DIREKT Admin Portal Architecture

Purpose

The DIREKT operations portal is the internal desktop-oriented interface for verification, field work, support, trust and safety, finance exceptions, audit and controlled configuration.

It is not a public marketplace client and is never hosted through GitHub Pages.

Technology baseline

Phase 2C establishes:

admin/direkt-operations-portal

with:

  • Node.js 24 and npm 11;
  • Next.js 16;
  • React 19;
  • TypeScript 5.9 strict mode;
  • committed npm lockfile;
  • server-rendered accessible shell;
  • independent GitHub Actions verification.

Hard boundary

The portal consumes the versioned DIREKT backend API. It must never:

  • import a PostgreSQL client;
  • connect directly to the database;
  • connect directly to object storage;
  • construct private evidence URLs;
  • trust client-provided roles;
  • embed production secrets in browser bundles;
  • place sensitive content in public/static output or browser logs.

The backend performs authentication, role resolution, provider scope, object authorization and audit.

Phase 2C routes

The foundation includes:

/sign-in
/access-denied
/session-expired
/operations

These routes demonstrate privileged-session states and navigation only. The sign-in experience is synthetic and does not contact an OTP provider.

The /operations mission-control shell contains fictional zero-value summaries and does not expose evidence, providers or decisions.

Navigation is derived from the backend-compatible permission fixture rather than the displayed role name. Tests prove that:

  • reviewers see verification navigation but not finance or administration;
  • finance sees finance navigation but not verification controls;
  • an admin label without server permissions produces no navigation;
  • hidden navigation never implies backend permission.

Security response headers

All routes set or require:

  • X-Robots-Tag: noindex, nofollow, noarchive;
  • X-Content-Type-Options: nosniff;
  • X-Frame-Options: DENY;
  • Referrer-Policy: no-referrer;
  • restrictive Permissions Policy;
  • Content Security Policy;
  • removal of the framework-powered header.

The Phase 2C CSP is a foundation and must be reviewed again when real API connections, analytics or evidence rendering are introduced.

Accessibility baseline

The shell includes:

  • skip navigation;
  • semantic header, navigation, aside and main landmarks;
  • visible keyboard focus;
  • 44-pixel minimum interactive targets;
  • scalable typography;
  • responsive single-column behaviour;
  • synthetic-status announcement;
  • disabled-state semantics;
  • reduced-motion handling.

Server-rendered tests assert the required landmarks and warning state.
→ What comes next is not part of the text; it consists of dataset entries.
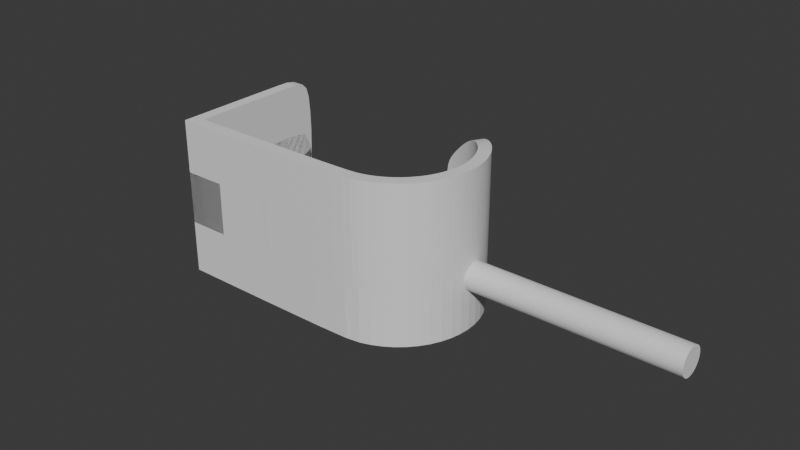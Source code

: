 # Source: reb_fHolder.blend  (saved by Blender 4.0.36; exported with 4.5.12 LTS)
import bpy
from mathutils import Matrix  # noqa: F401  (used for matrix-valued properties, if any)

bpy.ops.wm.read_factory_settings(use_empty=True)
scene = bpy.context.scene
scene.name = 'Scene'

# ---- collections
col_collection = bpy.data.collections.new('Collection'); scene.collection.children.link(col_collection)

# ---- world
world_world = bpy.data.worlds.new('World'); scene.world = world_world
world_world.use_nodes = True; world_world.node_tree.nodes.clear()
_N = world_world.node_tree.nodes; _L = world_world.node_tree.links
n0 = _N.new('ShaderNodeOutputWorld'); n0.name = 'World Output'; n0.location = (300, 300)
n1 = _N.new('ShaderNodeBackground'); n1.name = 'Background'; n1.location = (10, 300)
n1.inputs[0].default_value = (0.05088, 0.05088, 0.05088, 1.0)
_L.new(n1.outputs[0], n0.inputs[0])
n0.is_active_output = True
world_world.color = (0.05088, 0.05088, 0.05088)
world_world.use_sun_shadow = False
world_world.sun_shadow_jitter_overblur = 0.0

# ---- meshes
me_plane = bpy.data.meshes.new('Plane')
me_plane.from_pydata([(-0.7473, 0.01129, 0.0), (0.5104, 0.08958, -9.934e-09), (0.9861, 0.286, -5.96e-08), (1.395, 0.5986, -1.093e-07), (1.71, 1.006, -1.192e-07), (1.908, 1.481, -1.192e-07), (1.977, 1.991, -1.192e-07), (1.913, 2.502, -1.192e-07), (1.716, 2.98, 0.003025), (1.379, 3.398, 0.03789), (0.8842, 3.732, 0.2402), (0.3262, 3.936, 0.7564), (0.05724, 3.994, 1.217), (-4.8, 0.1972, 0.0), (-0.7473, 0.01129, 3.0), (-5.0, 3.924, 0.4922), (0.5104, 0.08958, 3.0), (0.9861, 0.286, 3.0), (1.395, 0.5986, 3.0), (1.71, 1.006, 3.0), (1.908, 1.481, 3.0), (1.977, 1.991, 3.0), (1.913, 2.502, 3.0), (1.716, 2.98, 2.997), (1.379, 3.398, 2.962), (0.8842, 3.732, 2.76), (0.3262, 3.936, 2.244), (0.05724, 3.994, 1.783), (-4.8, 0.1972, 3.0), (-5.0, 3.924, 2.508), (-4.167, 1.192e-07, 0.0), (-4.167, 1.192e-07, 3.0), (-5.0, 0.7693, 0.0), (-5.0, 0.7693, 3.0), (-5.0, 3.024, 0.0), (-5.0, 3.024, 3.0), (0.164, 0.03802, -1.242e-09), (0.7547, 0.1723, -3.104e-08), (1.201, 0.429, -8.817e-08), (1.566, 0.7921, -1.18e-07), (1.824, 1.237, -1.192e-07), (1.959, 1.734, -1.192e-07), (1.962, 2.249, -1.192e-07), (1.831, 2.747, 0.000378), (1.566, 3.198, 0.01192), (1.152, 3.578, 0.09959), (0.5891, 3.853, 0.4841), (0.1512, 3.979, 0.9862), (0.164, 0.03802, 3.0), (-4.542, 0.09728, 0.0), (-5.0, 3.694, 0.0625), (0.7547, 0.1723, 3.0), (1.201, 0.429, 3.0), (1.566, 0.7921, 3.0), (1.824, 1.237, 3.0), (1.959, 1.734, 3.0), (1.962, 2.249, 3.0), (1.831, 2.747, 3.0), (1.566, 3.198, 2.988), (1.152, 3.578, 2.9), (0.5891, 3.853, 2.516), (0.1512, 3.979, 2.014), (-4.542, 0.09728, 3.0), (-5.0, 3.694, 2.938), (0.3262, 3.936, 1.5), (0.02796, 3.999, 1.5), (1.71, 1.006, 1.5), (1.908, 1.481, 1.5), (1.977, 1.991, 1.5), (-4.753, 0.2554, 1.5), (-0.7473, 0.01129, 1.5), (1.913, 2.502, 1.5), (-5.0, 3.981, 1.5), (1.716, 2.98, 1.5), (0.5104, 0.08958, 1.5), (1.379, 3.398, 1.5), (0.9861, 0.286, 1.5), (0.8842, 3.732, 1.5), (1.395, 0.5986, 1.5), (-2.489, 0.001412, 0.0), (-2.489, 0.001412, 3.0), (-4.167, 1.192e-07, 1.5), (-4.919, 0.461, 0.0), (-4.919, 0.461, 3.0), (-5.0, 0.7693, 1.5), (-5.0, 1.778, 0.0), (-5.0, 1.778, 3.0), (-5.0, 3.024, 1.5), (0.1479, 3.979, 1.5), (1.824, 1.237, 1.5), (1.959, 1.734, 1.5), (-4.525, 0.1184, 1.5), (1.962, 2.249, 1.5), (-5.0, 3.701, 1.5), (1.831, 2.747, 1.5), (0.164, 0.03802, 1.5), (1.566, 3.198, 1.5), (0.7547, 0.1723, 1.5), (1.152, 3.578, 1.5), (1.201, 0.429, 1.5), (0.5891, 3.853, 1.5), (1.566, 0.7921, 1.5), (-2.489, 0.001412, 1.5), (-4.904, 0.4797, 1.5), (-5.0, 1.778, 1.5), (-0.7412, -0.3387, -2.384e-10), (0.5929, -0.252, -5.911e-09), (1.161, -0.01799, -6.299e-08), (1.643, 0.35, -1.16e-07), (2.013, 0.8299, -1.124e-07), (2.247, 1.389, -1.463e-07), (2.328, 1.99, -1.107e-07), (2.252, 2.591, -9.214e-08), (2.019, 3.157, 0.003025), (1.619, 3.655, 0.03789), (1.046, 4.043, 0.2402), (0.4267, 4.272, 0.7564), (0.1143, 4.34, 1.217), (-5.35, -0.35, -3.979e-15), (-0.7412, -0.3387, 3.0), (-5.35, 3.924, 0.4922), (0.5929, -0.252, 3.0), (1.161, -0.01799, 3.0), (1.643, 0.35, 3.0), (2.013, 0.8299, 3.0), (2.247, 1.389, 3.0), (2.328, 1.99, 3.0), (2.252, 2.591, 3.0), (2.019, 3.157, 2.997), (1.619, 3.655, 2.962), (1.046, 4.043, 2.76), (0.4267, 4.272, 2.244), (0.1143, 4.34, 1.783), (-5.35, -0.35, 3.0), (-5.35, 3.924, 2.508), (-4.167, -0.35, -8.098e-12), (-4.167, -0.35, 3.0), (-5.35, 0.7693, 0.0), (-5.35, 0.7693, 3.0), (-5.35, 3.024, 0.0), (-5.35, 3.024, 3.0), (0.195, -0.3112, -8.583e-10), (0.8885, -0.1519, -2.766e-08), (1.414, 0.1503, -9.493e-08), (1.843, 0.5779, -1.146e-07), (2.148, 1.102, -1.361e-07), (2.307, 1.687, -1.311e-07), (2.31, 2.293, -9.552e-08), (2.155, 2.88, 0.000378), (1.841, 3.416, 0.01192), (1.353, 3.866, 0.09959), (0.7154, 4.18, 0.4841), (0.23, 4.32, 0.9863), (0.195, -0.3112, 3.0), (-4.896, -0.35, -3.126e-15), (-5.35, 3.694, 0.0625), (0.8885, -0.1519, 3.0), (1.414, 0.1503, 3.0), (1.843, 0.5779, 3.0), (2.148, 1.102, 3.0), (2.307, 1.687, 3.0), (2.31, 2.293, 3.0), (2.155, 2.88, 3.0), (1.841, 3.416, 2.988), (1.353, 3.866, 2.9), (0.7154, 4.18, 2.516), (0.23, 4.32, 2.014), (-4.896, -0.35, 3.0), (-5.35, 3.694, 2.938), (0.4201, 4.274, 1.5), (0.08502, 4.344, 1.5), (2.013, 0.8299, 1.5), (2.247, 1.389, 1.5), (2.328, 1.99, 1.5), (-5.35, -0.35, 1.5), (-0.7412, -0.3387, 1.5), (2.252, 2.591, 1.5), (-5.35, 3.981, 1.5), (2.018, 3.157, 1.5), (0.5929, -0.252, 1.5), (1.617, 3.656, 1.5), (1.161, -0.01799, 1.5), (1.039, 4.047, 1.5), (1.643, 0.35, 1.5), (-2.488, -0.3486, -8.097e-12), (-2.488, -0.3486, 3.0), (-4.167, -0.35, 1.5), (-5.35, 0.1017, 0.0), (-5.35, 0.1017, 3.0), (-5.35, 0.7693, 1.5), (-5.35, 1.778, 0.0), (-5.35, 1.778, 3.0), (-5.35, 3.024, 1.5), (0.2175, 4.322, 1.5), (2.148, 1.102, 1.5), (2.307, 1.687, 1.5), (-4.896, -0.35, 1.5), (2.31, 2.293, 1.5), (-5.35, 3.701, 1.5), (2.155, 2.88, 1.5), (0.195, -0.3112, 1.5), (1.84, 3.417, 1.5), (0.8885, -0.1519, 1.5), (1.349, 3.869, 1.5), (1.414, 0.1503, 1.5), (0.7088, 4.182, 1.5), (1.843, 0.5779, 1.5), (-2.488, -0.3486, 1.5), (-5.35, 0.1017, 1.5), (-5.35, 1.778, 1.5)], [], [(12, 47, 88, 65), (47, 11, 64, 88), (88, 64, 26, 61), (65, 88, 61, 27), (5, 40, 89, 67), (40, 4, 66, 89), (89, 66, 19, 54), (67, 89, 54, 20), (6, 41, 90, 68), (41, 5, 67, 90), (90, 67, 20, 55), (68, 90, 55, 21), (30, 49, 91, 81), (49, 13, 69, 91), (91, 69, 28, 62), (81, 91, 62, 31), (7, 42, 92, 71), (42, 6, 68, 92), (92, 68, 21, 56), (71, 92, 56, 22), (34, 50, 93, 87), (50, 15, 72, 93), (93, 72, 29, 63), (87, 93, 63, 35), (8, 43, 94, 73), (43, 7, 71, 94), (94, 71, 22, 57), (73, 94, 57, 23), (1, 36, 95, 74), (36, 0, 70, 95), (95, 70, 14, 48), (74, 95, 48, 16), (9, 44, 96, 75), (44, 8, 73, 96), (96, 73, 23, 58), (75, 96, 58, 24), (2, 37, 97, 76), (37, 1, 74, 97), (97, 74, 16, 51), (76, 97, 51, 17), (10, 45, 98, 77), (45, 9, 75, 98), (98, 75, 24, 59), (77, 98, 59, 25), (3, 38, 99, 78), (38, 2, 76, 99), (99, 76, 17, 52), (78, 99, 52, 18), (11, 46, 100, 64), (46, 10, 77, 100), (100, 77, 25, 60), (64, 100, 60, 26), (4, 39, 101, 66), (39, 3, 78, 101), (101, 78, 18, 53), (66, 101, 53, 19), (0, 79, 102, 70), (79, 30, 81, 102), (102, 81, 31, 80), (70, 102, 80, 14), (13, 82, 103, 69), (82, 32, 84, 103), (103, 84, 33, 83), (69, 103, 83, 28), (32, 85, 104, 84), (85, 34, 87, 104), (104, 87, 35, 86), (84, 104, 86, 33), (117, 170, 193, 152), (152, 193, 169, 116), (193, 166, 131, 169), (170, 132, 166, 193), (110, 172, 194, 145), (145, 194, 171, 109), (194, 159, 124, 171), (172, 125, 159, 194), (111, 173, 195, 146), (146, 195, 172, 110), (195, 160, 125, 172), (173, 126, 160, 195), (135, 186, 196, 154), (154, 196, 174, 118), (196, 167, 133, 174), (186, 136, 167, 196), (112, 176, 197, 147), (147, 197, 173, 111), (197, 161, 126, 173), (176, 127, 161, 197), (139, 192, 198, 155), (155, 198, 177, 120), (198, 168, 134, 177), (192, 140, 168, 198), (113, 178, 199, 148), (148, 199, 176, 112), (199, 162, 127, 176), (178, 128, 162, 199), (106, 179, 200, 141), (141, 200, 175, 105), (200, 153, 119, 175), (179, 121, 153, 200), (114, 180, 201, 149), (149, 201, 178, 113), (201, 163, 128, 178), (180, 129, 163, 201), (107, 181, 202, 142), (142, 202, 179, 106), (202, 156, 121, 179), (181, 122, 156, 202), (115, 182, 203, 150), (150, 203, 180, 114), (203, 164, 129, 180), (182, 130, 164, 203), (108, 183, 204, 143), (143, 204, 181, 107), (204, 157, 122, 181), (183, 123, 157, 204), (116, 169, 205, 151), (151, 205, 182, 115), (205, 165, 130, 182), (169, 131, 165, 205), (109, 171, 206, 144), (144, 206, 183, 108), (206, 158, 123, 183), (171, 124, 158, 206), (105, 175, 207, 184), (184, 207, 186, 135), (207, 185, 136, 186), (175, 119, 185, 207), (118, 174, 208, 187), (187, 208, 189, 137), (208, 188, 138, 189), (174, 133, 188, 208), (137, 189, 209, 190), (190, 209, 192, 139), (209, 191, 140, 192), (189, 138, 191, 209), (36, 1, 106, 141), (0, 36, 141, 105), (37, 2, 107, 142), (1, 37, 142, 106), (38, 3, 108, 143), (2, 38, 143, 107), (39, 4, 109, 144), (3, 39, 144, 108), (40, 5, 110, 145), (4, 40, 145, 109), (41, 6, 111, 146), (5, 41, 146, 110), (42, 7, 112, 147), (6, 42, 147, 111), (43, 8, 113, 148), (7, 43, 148, 112), (44, 9, 114, 149), (8, 44, 149, 113), (45, 10, 115, 150), (9, 45, 150, 114), (46, 11, 116, 151), (10, 46, 151, 115), (47, 12, 117, 152), (11, 47, 152, 116), (16, 48, 153, 121), (48, 14, 119, 153), (49, 30, 135, 154), (13, 49, 154, 118), (50, 34, 139, 155), (15, 50, 155, 120), (17, 51, 156, 122), (51, 16, 121, 156), (18, 52, 157, 123), (52, 17, 122, 157), (19, 53, 158, 124), (53, 18, 123, 158), (20, 54, 159, 125), (54, 19, 124, 159), (21, 55, 160, 126), (55, 20, 125, 160), (22, 56, 161, 127), (56, 21, 126, 161), (23, 57, 162, 128), (57, 22, 127, 162), (24, 58, 163, 129), (58, 23, 128, 163), (25, 59, 164, 130), (59, 24, 129, 164), (26, 60, 165, 131), (60, 25, 130, 165), (27, 61, 166, 132), (61, 26, 131, 166), (31, 62, 167, 136), (62, 28, 133, 167), (35, 63, 168, 140), (63, 29, 134, 168), (65, 27, 132, 170), (12, 65, 170, 117), (72, 15, 120, 177), (29, 72, 177, 134), (79, 0, 105, 184), (30, 79, 184, 135), (14, 80, 185, 119), (80, 31, 136, 185), (82, 13, 118, 187), (32, 82, 187, 137), (28, 83, 188, 133), (83, 33, 138, 188), (85, 32, 137, 190), (34, 85, 190, 139), (33, 86, 191, 138), (86, 35, 140, 191)])
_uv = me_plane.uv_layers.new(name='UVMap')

Later phases add browser E2E, automated accessibility tooling and representative user testing.

Planned feature modules

Later phases may add:

  • verification queues and cases;
  • secure evidence viewer;
  • field operations;
  • provider and customer support;
  • trust and safety;
  • subscriptions and reconciliation;
  • taxonomy and evidence rules;
  • audit and reporting;
  • role management.

None of these domain modules is operational in Phase 2C.

Privileged session requirements

Real operations access must use:

  • short-lived access/session state;
  • inactivity and absolute session limits;
  • mandatory MFA before pilot;
  • server-side permission resolution;
  • step-up authentication for sensitive actions;
  • revocation and device/session management;
  • reasoned, append-only audit for privileged actions.

Phase 2C represents these rules but uses only a synthetic reviewer fixture in the UI.

Testing and CI

The portal workflow proves on a clean runner:

npm ci --ignore-scripts
npm run format:check
npm run lint
npm run typecheck
npm run test
npm run build

It also rejects direct database/storage imports, committed environment files and missing no-index configuration. Coverage and build manifests are retained as artifacts.

Deployment status

No production or staging portal deployment is authorized in Phase 2C. Environment architecture, secure cookies, approved API origins, MFA and restricted diagnostics must be approved before external deployment.